Exercise details :: Retrieve each line that contains the word "BLACK" from the entries below.

Records contained in a dataset ::
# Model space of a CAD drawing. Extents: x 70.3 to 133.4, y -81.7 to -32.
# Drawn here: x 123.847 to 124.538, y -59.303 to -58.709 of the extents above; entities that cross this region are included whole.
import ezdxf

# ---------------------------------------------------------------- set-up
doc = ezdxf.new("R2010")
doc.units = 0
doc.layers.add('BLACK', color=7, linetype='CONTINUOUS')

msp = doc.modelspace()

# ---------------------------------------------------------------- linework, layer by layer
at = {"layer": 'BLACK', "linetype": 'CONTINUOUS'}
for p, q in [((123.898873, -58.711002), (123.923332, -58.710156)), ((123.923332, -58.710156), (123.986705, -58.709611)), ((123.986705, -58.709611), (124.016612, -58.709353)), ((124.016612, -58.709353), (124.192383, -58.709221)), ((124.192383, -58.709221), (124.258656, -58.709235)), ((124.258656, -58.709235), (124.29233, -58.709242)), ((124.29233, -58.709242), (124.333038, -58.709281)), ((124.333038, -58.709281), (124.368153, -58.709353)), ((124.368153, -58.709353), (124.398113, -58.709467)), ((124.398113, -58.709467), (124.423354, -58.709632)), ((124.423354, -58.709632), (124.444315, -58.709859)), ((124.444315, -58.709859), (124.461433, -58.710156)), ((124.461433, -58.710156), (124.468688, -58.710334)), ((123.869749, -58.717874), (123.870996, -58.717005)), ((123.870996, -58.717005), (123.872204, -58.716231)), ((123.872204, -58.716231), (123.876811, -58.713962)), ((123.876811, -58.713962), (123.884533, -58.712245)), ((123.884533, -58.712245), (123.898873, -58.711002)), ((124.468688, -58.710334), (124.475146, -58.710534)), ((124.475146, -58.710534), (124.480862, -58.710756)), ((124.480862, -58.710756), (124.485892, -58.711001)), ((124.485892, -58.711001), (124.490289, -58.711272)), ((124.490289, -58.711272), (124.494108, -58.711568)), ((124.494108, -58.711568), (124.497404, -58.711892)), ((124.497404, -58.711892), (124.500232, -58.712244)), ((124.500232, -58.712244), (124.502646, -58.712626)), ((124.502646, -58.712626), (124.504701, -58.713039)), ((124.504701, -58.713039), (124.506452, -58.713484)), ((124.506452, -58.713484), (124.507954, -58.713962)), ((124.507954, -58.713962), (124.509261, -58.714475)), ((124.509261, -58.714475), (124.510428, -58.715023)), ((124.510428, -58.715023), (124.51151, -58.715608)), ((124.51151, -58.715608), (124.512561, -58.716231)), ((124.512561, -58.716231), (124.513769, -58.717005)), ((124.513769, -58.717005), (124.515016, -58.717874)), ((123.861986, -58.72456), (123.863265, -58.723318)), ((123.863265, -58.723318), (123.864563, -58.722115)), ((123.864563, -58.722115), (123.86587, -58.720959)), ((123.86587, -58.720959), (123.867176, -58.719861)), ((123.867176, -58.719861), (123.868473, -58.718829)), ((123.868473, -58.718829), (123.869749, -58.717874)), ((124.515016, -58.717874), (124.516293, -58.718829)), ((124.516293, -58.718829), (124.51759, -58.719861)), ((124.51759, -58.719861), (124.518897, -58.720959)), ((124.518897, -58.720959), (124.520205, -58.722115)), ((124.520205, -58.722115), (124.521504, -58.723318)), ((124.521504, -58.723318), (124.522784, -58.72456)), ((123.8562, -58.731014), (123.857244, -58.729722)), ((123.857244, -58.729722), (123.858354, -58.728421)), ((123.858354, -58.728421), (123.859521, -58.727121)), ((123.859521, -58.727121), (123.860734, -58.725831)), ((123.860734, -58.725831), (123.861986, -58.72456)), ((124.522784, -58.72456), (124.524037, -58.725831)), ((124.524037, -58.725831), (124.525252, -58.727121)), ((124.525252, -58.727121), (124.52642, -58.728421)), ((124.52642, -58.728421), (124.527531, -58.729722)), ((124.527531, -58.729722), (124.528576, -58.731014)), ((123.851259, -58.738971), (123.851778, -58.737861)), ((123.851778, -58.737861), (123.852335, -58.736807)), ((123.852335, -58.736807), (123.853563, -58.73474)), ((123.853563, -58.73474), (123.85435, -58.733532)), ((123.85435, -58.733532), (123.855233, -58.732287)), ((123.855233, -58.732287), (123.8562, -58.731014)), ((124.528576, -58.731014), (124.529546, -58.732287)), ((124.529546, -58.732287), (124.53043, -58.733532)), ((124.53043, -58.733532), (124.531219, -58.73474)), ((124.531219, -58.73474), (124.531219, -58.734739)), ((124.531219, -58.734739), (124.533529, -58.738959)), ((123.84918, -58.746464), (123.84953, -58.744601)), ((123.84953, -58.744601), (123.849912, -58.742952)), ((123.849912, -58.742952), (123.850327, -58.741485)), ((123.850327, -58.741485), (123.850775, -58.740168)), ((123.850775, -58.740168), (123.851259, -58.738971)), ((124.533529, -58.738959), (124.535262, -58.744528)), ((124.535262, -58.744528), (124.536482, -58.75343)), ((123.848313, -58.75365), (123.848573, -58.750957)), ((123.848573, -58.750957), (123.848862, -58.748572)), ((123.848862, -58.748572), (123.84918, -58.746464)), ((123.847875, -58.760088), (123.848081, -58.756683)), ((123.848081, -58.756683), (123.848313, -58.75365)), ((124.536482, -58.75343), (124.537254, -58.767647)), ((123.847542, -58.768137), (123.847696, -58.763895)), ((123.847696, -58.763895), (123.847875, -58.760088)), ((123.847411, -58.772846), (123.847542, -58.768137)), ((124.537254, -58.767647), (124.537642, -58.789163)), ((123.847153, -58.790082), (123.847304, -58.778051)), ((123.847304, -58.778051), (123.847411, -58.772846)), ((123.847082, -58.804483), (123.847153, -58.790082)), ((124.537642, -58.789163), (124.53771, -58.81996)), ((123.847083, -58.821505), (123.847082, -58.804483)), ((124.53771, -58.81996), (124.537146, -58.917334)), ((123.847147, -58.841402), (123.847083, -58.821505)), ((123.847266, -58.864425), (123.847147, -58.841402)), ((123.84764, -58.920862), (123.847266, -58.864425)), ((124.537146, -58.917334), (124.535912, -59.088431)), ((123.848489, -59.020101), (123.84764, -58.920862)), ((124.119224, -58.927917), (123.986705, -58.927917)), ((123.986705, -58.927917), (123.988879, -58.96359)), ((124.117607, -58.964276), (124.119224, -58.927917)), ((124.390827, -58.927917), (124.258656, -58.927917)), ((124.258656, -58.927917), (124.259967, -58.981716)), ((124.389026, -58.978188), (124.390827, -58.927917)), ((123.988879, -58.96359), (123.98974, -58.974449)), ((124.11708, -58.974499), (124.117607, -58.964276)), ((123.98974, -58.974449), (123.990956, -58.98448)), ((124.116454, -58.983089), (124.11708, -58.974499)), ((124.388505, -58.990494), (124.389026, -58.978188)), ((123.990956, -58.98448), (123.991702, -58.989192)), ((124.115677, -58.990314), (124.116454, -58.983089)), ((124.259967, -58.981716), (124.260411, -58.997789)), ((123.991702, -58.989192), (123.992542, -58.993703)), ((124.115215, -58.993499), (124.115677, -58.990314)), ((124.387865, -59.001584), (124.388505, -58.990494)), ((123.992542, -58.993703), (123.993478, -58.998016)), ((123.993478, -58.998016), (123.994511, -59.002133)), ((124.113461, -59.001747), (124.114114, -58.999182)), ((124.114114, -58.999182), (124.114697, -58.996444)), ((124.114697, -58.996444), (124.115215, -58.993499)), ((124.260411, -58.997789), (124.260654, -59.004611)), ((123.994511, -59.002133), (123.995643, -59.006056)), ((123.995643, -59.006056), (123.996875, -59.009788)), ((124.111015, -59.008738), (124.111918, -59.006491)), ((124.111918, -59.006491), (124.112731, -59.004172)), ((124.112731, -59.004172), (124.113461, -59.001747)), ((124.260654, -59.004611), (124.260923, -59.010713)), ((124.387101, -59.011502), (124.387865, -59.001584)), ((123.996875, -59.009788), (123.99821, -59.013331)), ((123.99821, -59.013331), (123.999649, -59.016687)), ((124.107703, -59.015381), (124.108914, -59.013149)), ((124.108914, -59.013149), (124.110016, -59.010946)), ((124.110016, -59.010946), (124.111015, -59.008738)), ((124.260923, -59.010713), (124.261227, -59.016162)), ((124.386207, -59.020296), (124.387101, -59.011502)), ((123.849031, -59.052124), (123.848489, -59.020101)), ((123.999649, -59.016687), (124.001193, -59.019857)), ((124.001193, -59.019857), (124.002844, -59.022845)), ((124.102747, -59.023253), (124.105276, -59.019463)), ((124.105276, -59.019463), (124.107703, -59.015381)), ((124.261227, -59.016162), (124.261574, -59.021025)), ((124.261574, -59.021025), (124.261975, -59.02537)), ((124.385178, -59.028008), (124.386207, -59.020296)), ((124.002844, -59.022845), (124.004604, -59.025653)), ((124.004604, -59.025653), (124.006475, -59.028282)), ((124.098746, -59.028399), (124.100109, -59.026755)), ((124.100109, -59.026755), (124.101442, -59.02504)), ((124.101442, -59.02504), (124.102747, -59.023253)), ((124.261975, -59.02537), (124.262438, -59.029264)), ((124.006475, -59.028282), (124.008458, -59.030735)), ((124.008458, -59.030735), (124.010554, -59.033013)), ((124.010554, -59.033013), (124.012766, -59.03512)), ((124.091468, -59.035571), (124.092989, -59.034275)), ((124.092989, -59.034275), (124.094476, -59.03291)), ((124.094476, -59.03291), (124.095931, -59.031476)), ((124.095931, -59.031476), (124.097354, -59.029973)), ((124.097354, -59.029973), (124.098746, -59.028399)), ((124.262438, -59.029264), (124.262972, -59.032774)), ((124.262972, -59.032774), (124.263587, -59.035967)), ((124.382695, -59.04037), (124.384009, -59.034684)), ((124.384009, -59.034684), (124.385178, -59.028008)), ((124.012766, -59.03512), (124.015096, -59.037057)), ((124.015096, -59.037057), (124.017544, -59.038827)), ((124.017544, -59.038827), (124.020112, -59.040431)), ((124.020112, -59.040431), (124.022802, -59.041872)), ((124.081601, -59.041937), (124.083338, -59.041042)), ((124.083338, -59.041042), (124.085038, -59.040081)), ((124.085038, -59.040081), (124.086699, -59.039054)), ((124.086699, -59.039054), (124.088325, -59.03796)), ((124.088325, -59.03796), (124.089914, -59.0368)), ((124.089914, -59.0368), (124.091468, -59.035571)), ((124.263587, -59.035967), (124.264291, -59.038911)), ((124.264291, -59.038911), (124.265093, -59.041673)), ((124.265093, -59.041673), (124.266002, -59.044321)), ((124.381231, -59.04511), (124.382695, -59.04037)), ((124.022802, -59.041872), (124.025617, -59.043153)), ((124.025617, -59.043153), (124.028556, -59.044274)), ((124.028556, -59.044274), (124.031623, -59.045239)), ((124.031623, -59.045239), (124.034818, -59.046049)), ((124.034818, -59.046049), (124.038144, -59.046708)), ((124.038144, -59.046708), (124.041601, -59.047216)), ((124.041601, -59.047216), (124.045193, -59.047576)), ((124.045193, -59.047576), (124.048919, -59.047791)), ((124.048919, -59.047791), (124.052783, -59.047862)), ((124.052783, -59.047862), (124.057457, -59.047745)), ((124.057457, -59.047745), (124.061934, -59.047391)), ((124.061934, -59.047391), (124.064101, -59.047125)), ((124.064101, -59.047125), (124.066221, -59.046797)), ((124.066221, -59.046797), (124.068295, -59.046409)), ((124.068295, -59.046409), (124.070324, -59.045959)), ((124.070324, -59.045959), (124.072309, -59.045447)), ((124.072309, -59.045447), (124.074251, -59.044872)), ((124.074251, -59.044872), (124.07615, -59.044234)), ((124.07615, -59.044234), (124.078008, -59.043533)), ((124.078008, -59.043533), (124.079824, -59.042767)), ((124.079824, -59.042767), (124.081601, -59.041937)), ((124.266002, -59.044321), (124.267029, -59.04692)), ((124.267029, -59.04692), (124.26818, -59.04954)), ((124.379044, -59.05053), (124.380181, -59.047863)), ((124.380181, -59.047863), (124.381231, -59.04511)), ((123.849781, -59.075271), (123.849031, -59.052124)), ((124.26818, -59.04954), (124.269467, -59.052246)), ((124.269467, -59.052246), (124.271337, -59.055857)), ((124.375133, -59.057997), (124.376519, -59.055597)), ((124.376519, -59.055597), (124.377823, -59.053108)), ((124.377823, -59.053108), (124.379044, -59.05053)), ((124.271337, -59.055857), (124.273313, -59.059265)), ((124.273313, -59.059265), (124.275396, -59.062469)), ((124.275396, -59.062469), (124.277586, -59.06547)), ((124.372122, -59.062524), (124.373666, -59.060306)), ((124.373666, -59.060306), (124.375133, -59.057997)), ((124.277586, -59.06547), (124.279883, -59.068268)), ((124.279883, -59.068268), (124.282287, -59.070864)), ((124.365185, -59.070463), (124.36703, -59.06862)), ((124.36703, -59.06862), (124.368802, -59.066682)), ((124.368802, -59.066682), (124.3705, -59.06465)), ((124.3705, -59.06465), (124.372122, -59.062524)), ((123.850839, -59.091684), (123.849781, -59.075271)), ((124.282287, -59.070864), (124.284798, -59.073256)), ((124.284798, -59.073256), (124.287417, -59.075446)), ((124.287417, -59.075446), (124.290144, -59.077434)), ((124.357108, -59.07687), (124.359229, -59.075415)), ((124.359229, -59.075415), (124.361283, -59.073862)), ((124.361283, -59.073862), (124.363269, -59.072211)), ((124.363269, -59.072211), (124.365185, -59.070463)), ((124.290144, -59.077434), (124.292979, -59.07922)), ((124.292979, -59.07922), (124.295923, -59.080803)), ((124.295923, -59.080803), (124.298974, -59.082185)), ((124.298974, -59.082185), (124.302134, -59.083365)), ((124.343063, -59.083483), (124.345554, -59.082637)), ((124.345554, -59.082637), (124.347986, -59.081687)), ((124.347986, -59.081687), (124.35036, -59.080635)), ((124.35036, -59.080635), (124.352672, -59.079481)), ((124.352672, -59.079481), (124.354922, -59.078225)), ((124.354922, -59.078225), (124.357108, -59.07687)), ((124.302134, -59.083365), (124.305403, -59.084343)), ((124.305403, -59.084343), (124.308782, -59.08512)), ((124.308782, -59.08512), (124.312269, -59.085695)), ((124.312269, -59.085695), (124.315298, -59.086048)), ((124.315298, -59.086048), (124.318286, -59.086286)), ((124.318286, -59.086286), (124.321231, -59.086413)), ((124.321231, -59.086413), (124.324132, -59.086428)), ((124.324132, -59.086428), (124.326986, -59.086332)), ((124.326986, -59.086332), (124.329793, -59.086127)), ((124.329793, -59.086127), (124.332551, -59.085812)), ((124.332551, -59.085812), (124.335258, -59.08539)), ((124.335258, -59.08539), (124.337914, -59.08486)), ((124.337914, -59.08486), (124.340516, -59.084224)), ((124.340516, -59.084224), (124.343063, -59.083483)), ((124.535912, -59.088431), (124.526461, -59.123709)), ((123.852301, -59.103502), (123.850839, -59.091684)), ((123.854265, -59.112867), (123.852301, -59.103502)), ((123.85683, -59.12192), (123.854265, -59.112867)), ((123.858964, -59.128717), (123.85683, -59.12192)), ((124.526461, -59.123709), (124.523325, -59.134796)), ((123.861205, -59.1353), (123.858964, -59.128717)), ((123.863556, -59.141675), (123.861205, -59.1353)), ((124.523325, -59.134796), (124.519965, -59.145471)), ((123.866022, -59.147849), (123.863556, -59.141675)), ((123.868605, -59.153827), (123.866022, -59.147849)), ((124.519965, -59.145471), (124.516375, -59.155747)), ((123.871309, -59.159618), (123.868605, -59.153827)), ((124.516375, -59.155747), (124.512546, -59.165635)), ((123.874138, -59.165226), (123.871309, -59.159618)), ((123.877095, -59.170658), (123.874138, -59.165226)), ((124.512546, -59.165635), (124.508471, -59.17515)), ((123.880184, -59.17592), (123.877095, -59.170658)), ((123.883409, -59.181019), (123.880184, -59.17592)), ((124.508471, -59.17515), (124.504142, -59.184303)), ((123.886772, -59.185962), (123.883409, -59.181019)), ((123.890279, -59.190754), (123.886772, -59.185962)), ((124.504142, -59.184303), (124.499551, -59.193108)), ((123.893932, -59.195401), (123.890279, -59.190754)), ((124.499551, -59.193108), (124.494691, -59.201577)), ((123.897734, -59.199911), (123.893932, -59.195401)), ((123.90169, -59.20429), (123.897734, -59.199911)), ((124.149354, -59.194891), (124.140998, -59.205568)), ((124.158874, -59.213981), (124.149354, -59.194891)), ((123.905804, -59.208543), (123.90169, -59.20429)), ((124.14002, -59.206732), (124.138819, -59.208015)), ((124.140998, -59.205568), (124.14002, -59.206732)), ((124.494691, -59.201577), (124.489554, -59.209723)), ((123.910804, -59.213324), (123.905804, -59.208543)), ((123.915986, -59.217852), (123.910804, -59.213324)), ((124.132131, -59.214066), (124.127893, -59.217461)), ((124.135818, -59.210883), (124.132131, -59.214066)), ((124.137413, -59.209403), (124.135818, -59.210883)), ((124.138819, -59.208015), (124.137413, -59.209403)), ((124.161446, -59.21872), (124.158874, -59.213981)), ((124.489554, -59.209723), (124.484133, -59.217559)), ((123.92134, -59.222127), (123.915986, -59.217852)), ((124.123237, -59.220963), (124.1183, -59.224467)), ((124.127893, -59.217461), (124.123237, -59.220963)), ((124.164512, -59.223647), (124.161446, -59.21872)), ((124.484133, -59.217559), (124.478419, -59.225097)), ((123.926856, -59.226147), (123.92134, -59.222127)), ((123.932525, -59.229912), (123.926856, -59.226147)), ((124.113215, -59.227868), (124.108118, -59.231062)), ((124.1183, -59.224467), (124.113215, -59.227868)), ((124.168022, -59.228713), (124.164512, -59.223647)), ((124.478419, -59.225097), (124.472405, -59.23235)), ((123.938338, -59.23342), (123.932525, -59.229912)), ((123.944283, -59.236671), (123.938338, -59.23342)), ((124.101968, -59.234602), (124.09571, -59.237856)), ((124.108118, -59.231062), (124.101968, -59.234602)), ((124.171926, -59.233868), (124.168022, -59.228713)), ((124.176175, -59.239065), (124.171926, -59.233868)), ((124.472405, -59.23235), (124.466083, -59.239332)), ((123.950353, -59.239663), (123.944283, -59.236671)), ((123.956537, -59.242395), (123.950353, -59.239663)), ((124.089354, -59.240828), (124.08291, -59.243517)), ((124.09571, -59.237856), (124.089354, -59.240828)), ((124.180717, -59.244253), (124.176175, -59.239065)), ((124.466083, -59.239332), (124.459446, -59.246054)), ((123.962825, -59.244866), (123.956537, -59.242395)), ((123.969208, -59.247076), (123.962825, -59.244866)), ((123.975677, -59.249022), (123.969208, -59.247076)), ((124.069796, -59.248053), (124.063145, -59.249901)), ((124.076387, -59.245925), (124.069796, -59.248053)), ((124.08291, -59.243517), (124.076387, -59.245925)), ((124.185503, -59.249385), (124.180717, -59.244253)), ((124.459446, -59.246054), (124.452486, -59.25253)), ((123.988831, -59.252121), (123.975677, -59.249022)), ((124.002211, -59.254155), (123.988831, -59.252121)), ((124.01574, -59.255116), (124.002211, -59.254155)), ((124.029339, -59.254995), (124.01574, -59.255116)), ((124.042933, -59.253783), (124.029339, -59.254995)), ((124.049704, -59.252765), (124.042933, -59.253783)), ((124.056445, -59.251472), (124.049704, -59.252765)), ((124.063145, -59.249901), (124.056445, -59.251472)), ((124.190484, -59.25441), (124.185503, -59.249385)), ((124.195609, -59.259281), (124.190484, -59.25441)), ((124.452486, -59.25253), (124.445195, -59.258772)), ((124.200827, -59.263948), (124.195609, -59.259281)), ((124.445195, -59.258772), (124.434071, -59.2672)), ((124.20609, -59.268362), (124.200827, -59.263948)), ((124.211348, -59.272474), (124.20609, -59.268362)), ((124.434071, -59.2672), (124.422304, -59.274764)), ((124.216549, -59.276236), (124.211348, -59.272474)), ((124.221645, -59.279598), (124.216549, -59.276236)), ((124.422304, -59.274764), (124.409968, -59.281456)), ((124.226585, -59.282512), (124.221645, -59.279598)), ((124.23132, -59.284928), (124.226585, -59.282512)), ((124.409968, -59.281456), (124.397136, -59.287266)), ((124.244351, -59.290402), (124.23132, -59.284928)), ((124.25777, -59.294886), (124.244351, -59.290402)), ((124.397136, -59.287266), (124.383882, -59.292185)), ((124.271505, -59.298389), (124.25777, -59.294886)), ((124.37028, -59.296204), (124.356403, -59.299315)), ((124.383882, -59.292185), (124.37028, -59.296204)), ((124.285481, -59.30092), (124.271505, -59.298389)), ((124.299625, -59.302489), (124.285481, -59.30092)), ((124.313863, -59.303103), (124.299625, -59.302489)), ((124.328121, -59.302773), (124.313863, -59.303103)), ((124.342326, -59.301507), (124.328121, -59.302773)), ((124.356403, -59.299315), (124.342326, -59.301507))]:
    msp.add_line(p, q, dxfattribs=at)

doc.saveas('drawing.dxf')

Completed task ::
doc.layers.add('BLACK', color=7, linetype='CONTINUOUS')
at = {"layer": 'BLACK', "linetype": 'CONTINUOUS'}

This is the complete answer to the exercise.